# Beethoven 9 Symphonies: How do you like it arranged on discs?



## SixFootScowl (Oct 17, 2011)

I always find it irritating when a symphony cycle is put on discs and overtures etc. are used as filler to use the extra space on a disc. I like my symphony cycles pure! But another question is what order do you prefer on the disc sets. I have the Hanover Band cycle and they order them consecutively,

1,2
3,4
5,6
7,8
9

They also leave the overtures for a 6th disc, and add a 7th disc for the Missa Solemnis (nice set!).

But consecutive order does not always work since the lengths vary by what conductor is doing it. So the length of each symphony may dictate what disc order is possible.

I just received the Amadis Naxos set of nine symphonies (two different orchestras and conductors) and the arrangement is interesting,

5,2
3,8
6,1
7,4
9

Now what I find interesting and likeable about this order is that each disc (except the 5th disc with the Ninth of course) begins with a popular Beethoven symphony and ends with a less popular symphony. The other thing I like about it is that you jump right in with both feet from the get go with Da Da Da Daaaa!


----------



## hpowders (Dec 23, 2013)

How I like it arranged:

With #'s 1, 2 and 8 removed. Thank you very much!


----------



## SixFootScowl (Oct 17, 2011)

hpowders said:


> How I like it arranged:
> 
> With #'s 1, 2 and 8 removed. Thank you very much!


I have just the Beethoven set for you:









But at least with the Hanover Band set you can pitch the first disc and only be burdened with #8.


----------



## GreenMamba (Oct 14, 2012)

I would prefer chronological, but that's not always practicable. What I don't like is for a single work to stretch over multiple disks That's more of a Mahler problem than anything else, but I have a Duo of Brendel/Mozart PCs which breaks up one of the works.


----------



## scratchgolf (Nov 15, 2013)

My Bernstein symphony cycle is 1,3,2,4,5,6,7,8,9. I always found it very annoying and finally renumbered it in iTunes. My Bohm cycle has the overture filler and is equally annoying. When I'm listening, I sort it alphabetically instead of by track and disc number. This ensures the symphonies stay together. The most annoying of all has to be Harnoncourt's Schubert cycle. The digital download from Amazon labeled individual movements of the same symphony completely differently and I had to rebuild the entire thing from scratch. I'm big on uniformity and organization in my music library. The lack of these two things keeps me from enjoying what I'm listening to.


----------



## Guest (Nov 20, 2014)

I personally love the overtures tossed in. Because of this, I have the excellent 60's Karajan 9th with the Coriolan, and the Fricsay 9th with Egmont. Heavenly albums!

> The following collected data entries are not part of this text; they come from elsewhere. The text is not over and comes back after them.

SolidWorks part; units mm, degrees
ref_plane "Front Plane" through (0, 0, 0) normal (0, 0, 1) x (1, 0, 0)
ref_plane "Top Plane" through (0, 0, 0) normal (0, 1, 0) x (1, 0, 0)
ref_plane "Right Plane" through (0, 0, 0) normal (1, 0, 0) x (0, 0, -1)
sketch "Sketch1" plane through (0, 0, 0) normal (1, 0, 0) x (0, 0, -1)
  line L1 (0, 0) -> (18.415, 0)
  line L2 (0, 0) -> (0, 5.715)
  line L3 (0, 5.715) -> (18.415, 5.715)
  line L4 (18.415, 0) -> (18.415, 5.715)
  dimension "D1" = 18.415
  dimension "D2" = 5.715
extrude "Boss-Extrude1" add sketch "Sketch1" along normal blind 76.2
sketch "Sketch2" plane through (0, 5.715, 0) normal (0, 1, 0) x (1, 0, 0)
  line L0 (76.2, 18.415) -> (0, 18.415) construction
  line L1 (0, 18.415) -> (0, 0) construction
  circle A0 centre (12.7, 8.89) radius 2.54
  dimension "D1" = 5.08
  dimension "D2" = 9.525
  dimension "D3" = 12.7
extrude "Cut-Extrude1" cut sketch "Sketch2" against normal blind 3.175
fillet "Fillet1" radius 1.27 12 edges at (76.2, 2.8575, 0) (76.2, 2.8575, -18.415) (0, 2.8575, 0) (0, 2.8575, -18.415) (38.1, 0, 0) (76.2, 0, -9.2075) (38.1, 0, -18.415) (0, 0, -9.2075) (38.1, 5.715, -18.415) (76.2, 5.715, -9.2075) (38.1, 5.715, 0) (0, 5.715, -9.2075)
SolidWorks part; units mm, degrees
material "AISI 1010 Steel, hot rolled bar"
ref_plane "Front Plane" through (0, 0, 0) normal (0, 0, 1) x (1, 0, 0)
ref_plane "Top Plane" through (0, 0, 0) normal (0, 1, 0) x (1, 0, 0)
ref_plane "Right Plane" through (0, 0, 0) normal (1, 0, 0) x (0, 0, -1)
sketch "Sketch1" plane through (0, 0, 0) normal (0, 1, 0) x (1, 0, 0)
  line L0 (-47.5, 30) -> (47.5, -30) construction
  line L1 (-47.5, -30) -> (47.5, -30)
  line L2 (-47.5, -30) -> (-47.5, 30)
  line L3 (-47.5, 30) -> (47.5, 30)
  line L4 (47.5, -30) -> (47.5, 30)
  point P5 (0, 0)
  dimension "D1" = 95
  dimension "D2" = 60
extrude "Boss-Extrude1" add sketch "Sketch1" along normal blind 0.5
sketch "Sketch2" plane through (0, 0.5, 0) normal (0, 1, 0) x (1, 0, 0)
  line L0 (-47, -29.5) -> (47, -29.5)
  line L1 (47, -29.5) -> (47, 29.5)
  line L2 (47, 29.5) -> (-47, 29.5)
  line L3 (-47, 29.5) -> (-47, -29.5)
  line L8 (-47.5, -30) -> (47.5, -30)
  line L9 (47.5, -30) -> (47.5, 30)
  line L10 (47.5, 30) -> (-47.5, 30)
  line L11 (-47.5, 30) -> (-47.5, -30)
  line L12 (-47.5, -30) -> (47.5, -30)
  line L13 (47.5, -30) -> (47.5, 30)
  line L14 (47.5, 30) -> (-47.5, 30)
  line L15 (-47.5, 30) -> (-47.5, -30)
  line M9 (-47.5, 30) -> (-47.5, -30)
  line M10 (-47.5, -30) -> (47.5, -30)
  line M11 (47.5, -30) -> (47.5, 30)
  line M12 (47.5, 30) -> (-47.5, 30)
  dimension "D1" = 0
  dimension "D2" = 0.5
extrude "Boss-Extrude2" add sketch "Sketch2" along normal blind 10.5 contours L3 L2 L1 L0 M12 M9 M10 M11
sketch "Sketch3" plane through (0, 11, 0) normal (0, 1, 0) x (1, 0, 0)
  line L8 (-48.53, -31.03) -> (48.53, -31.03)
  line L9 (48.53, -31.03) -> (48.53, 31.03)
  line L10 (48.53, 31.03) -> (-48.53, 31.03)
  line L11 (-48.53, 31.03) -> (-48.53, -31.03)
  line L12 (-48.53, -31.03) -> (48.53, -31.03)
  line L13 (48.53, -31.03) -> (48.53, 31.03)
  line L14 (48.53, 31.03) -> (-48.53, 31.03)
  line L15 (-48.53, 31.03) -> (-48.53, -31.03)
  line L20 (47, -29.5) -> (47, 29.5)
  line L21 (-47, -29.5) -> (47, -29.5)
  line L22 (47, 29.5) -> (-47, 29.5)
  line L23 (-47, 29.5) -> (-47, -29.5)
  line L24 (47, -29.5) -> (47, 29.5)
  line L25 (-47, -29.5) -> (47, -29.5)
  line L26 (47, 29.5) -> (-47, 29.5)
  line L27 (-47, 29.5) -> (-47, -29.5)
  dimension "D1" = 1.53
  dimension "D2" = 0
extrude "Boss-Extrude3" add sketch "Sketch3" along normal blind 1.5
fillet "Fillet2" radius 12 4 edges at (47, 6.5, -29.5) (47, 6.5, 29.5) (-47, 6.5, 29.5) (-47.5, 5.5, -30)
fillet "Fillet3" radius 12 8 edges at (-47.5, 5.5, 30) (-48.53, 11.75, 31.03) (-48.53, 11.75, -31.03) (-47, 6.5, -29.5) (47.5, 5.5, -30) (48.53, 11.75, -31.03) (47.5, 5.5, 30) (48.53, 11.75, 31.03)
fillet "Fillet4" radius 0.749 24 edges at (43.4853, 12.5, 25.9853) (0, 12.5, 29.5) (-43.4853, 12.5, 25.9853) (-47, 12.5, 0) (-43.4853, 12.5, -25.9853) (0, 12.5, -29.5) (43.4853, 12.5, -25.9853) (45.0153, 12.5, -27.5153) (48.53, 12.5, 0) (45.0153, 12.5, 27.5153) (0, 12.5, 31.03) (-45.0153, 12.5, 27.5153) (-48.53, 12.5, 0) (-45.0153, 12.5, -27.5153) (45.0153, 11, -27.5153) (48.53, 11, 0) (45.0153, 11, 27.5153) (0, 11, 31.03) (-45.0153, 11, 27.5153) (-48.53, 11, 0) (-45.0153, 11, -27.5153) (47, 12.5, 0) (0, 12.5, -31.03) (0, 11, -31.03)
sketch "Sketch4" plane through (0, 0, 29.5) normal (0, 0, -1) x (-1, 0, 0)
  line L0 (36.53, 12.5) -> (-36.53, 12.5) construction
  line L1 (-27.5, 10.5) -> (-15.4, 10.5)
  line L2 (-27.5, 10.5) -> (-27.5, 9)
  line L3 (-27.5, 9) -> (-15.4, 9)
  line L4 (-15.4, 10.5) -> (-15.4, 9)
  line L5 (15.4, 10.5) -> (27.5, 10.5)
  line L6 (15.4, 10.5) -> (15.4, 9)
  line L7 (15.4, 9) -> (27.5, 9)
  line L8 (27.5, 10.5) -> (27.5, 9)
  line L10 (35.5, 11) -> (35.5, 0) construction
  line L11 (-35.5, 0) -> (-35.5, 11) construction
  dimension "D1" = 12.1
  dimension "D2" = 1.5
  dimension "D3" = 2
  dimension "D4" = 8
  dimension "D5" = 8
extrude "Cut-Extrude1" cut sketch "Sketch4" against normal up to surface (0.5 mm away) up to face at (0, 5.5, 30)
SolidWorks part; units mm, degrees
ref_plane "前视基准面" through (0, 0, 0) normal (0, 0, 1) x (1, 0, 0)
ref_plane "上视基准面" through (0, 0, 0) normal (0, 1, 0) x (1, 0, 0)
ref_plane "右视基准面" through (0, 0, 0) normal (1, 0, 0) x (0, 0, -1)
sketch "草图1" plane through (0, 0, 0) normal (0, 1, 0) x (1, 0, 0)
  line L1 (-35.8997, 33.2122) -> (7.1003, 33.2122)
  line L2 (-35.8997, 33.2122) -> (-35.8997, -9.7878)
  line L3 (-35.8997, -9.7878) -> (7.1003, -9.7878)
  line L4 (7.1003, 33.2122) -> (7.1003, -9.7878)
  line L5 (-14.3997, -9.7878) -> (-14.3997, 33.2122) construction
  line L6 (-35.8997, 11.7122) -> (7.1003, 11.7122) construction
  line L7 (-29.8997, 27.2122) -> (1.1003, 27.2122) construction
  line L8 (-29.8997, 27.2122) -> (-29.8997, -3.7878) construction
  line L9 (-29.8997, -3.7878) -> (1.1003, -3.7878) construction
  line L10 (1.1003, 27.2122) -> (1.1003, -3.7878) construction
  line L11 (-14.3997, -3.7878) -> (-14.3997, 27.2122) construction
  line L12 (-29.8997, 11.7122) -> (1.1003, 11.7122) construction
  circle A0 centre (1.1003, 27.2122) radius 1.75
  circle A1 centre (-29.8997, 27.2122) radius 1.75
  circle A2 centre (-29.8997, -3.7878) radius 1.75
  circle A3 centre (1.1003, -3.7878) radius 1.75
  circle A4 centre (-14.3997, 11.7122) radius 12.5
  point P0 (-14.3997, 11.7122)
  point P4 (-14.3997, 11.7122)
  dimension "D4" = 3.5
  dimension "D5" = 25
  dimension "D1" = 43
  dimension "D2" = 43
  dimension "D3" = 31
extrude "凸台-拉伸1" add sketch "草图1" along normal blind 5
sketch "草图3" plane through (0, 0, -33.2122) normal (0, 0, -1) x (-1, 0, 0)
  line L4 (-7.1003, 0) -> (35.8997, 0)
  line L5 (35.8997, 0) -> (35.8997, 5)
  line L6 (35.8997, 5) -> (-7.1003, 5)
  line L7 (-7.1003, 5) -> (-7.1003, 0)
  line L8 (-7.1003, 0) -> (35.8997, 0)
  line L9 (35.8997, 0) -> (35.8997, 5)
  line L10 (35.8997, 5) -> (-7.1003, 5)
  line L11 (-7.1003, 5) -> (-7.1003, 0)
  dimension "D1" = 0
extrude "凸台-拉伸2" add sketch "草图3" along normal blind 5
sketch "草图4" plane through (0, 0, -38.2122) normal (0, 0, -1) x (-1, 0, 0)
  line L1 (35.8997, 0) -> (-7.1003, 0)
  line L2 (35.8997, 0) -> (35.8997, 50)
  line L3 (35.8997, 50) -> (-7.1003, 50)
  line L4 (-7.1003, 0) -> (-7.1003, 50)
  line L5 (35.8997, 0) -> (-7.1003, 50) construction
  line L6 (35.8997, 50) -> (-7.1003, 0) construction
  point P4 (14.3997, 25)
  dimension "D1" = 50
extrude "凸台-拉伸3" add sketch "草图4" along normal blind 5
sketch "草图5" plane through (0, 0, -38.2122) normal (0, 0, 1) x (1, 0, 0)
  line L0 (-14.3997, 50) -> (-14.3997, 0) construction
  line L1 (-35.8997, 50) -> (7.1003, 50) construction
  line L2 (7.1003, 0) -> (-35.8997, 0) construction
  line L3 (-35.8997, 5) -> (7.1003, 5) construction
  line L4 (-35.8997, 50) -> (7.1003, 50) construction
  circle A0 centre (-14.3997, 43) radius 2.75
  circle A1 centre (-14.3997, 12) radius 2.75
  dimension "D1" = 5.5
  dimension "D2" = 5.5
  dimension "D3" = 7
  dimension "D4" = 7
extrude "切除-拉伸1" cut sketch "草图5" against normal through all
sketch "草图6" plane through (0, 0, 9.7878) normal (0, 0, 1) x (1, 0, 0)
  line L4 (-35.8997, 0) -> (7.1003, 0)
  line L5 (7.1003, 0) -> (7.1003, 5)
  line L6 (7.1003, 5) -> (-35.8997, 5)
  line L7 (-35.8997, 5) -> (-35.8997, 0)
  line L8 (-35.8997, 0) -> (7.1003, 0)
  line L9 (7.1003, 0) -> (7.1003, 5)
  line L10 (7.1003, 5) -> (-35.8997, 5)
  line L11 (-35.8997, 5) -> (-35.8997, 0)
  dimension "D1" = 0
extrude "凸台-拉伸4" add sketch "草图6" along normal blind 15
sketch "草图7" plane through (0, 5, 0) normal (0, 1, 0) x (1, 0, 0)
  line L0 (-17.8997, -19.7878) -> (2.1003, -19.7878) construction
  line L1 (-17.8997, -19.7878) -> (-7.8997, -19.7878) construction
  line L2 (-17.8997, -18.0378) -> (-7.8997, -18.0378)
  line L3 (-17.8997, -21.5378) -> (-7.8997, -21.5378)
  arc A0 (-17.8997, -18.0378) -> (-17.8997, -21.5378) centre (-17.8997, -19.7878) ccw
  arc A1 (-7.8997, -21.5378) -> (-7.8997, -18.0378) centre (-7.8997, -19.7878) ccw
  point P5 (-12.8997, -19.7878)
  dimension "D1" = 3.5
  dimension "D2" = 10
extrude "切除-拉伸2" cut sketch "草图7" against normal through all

I don't care about the order - I listen on my iPod, and that is what playlists are for.


----------



## scratchgolf (Nov 15, 2013)

DrMike said:


> I personally love the overtures tossed in. Because of this, I have the excellent 60's Karajan 9th with the Coriolan, and the Fricsay 9th with Egmont. Heavenly albums!
> 
> I don't care about the order - I listen on my iPod, and that is what playlists are for.


I have those albums as well. I don't dislike the overtures. I dislike the overtures being in between symphonies on a cycle release. My favorite overture (Rosamunde) is included with Schubert 9/Muti-Vienna, an album I would trade for nothing else.


----------



## brotagonist (Jul 11, 2013)

I prefer to have all of my symphony/string quartet/etc sets ordered numerically, but it doesn't really matter a whole lot to me. More important is using the least number of CDs (keeps price down; is more compact). I, too, don't mind overtures and other works being used as filler. I don't like having other composers filling out an album, though. In the rarest of instances, such as when another composer writes a requiem for the composer, then I can accept it. I don't like having works split onto more than one disc, if possible, but I can live with it, since I have a 5-disc carousel CD changer.


----------



## ComposerOfAvantGarde (Dec 2, 2011)

1,2
3,4
5,6
7,8
9

Works best for me. My first four favourites up the top.


----------



## hpowders (Dec 23, 2013)

Florestan said:


> I have just the Beethoven set for you:
> 
> 
> 
> ...


Wrap it up!!!


----------



## SixFootScowl (Oct 17, 2011)

ComposerOfAvantGarde said:


> 1,2
> 3,4
> 5,6
> 7,8
> ...


So today I stopped by Dearborn Music here in SE Michigan and noticed a nice 2-CD set that seems to fit the bill for you:


----------



## Cosmos (Jun 28, 2013)

I also prefer chronological. The set I have with Muti and Philadelphia orchestra goes as such:

1 & 5 [interesting pairing, Early then Middle Beethoven]
2 & 4 [I like the second, but not the fourth, so this one is meh]
3, Fidelio Overture, and Consecration of the House overture [lots o' filler here]
6 & Leonore Overture 3
7 & 8
and finally, 9


----------



## hpowders (Dec 23, 2013)

The OP assumes one will simply sit there and listen to the entire 9 without a break.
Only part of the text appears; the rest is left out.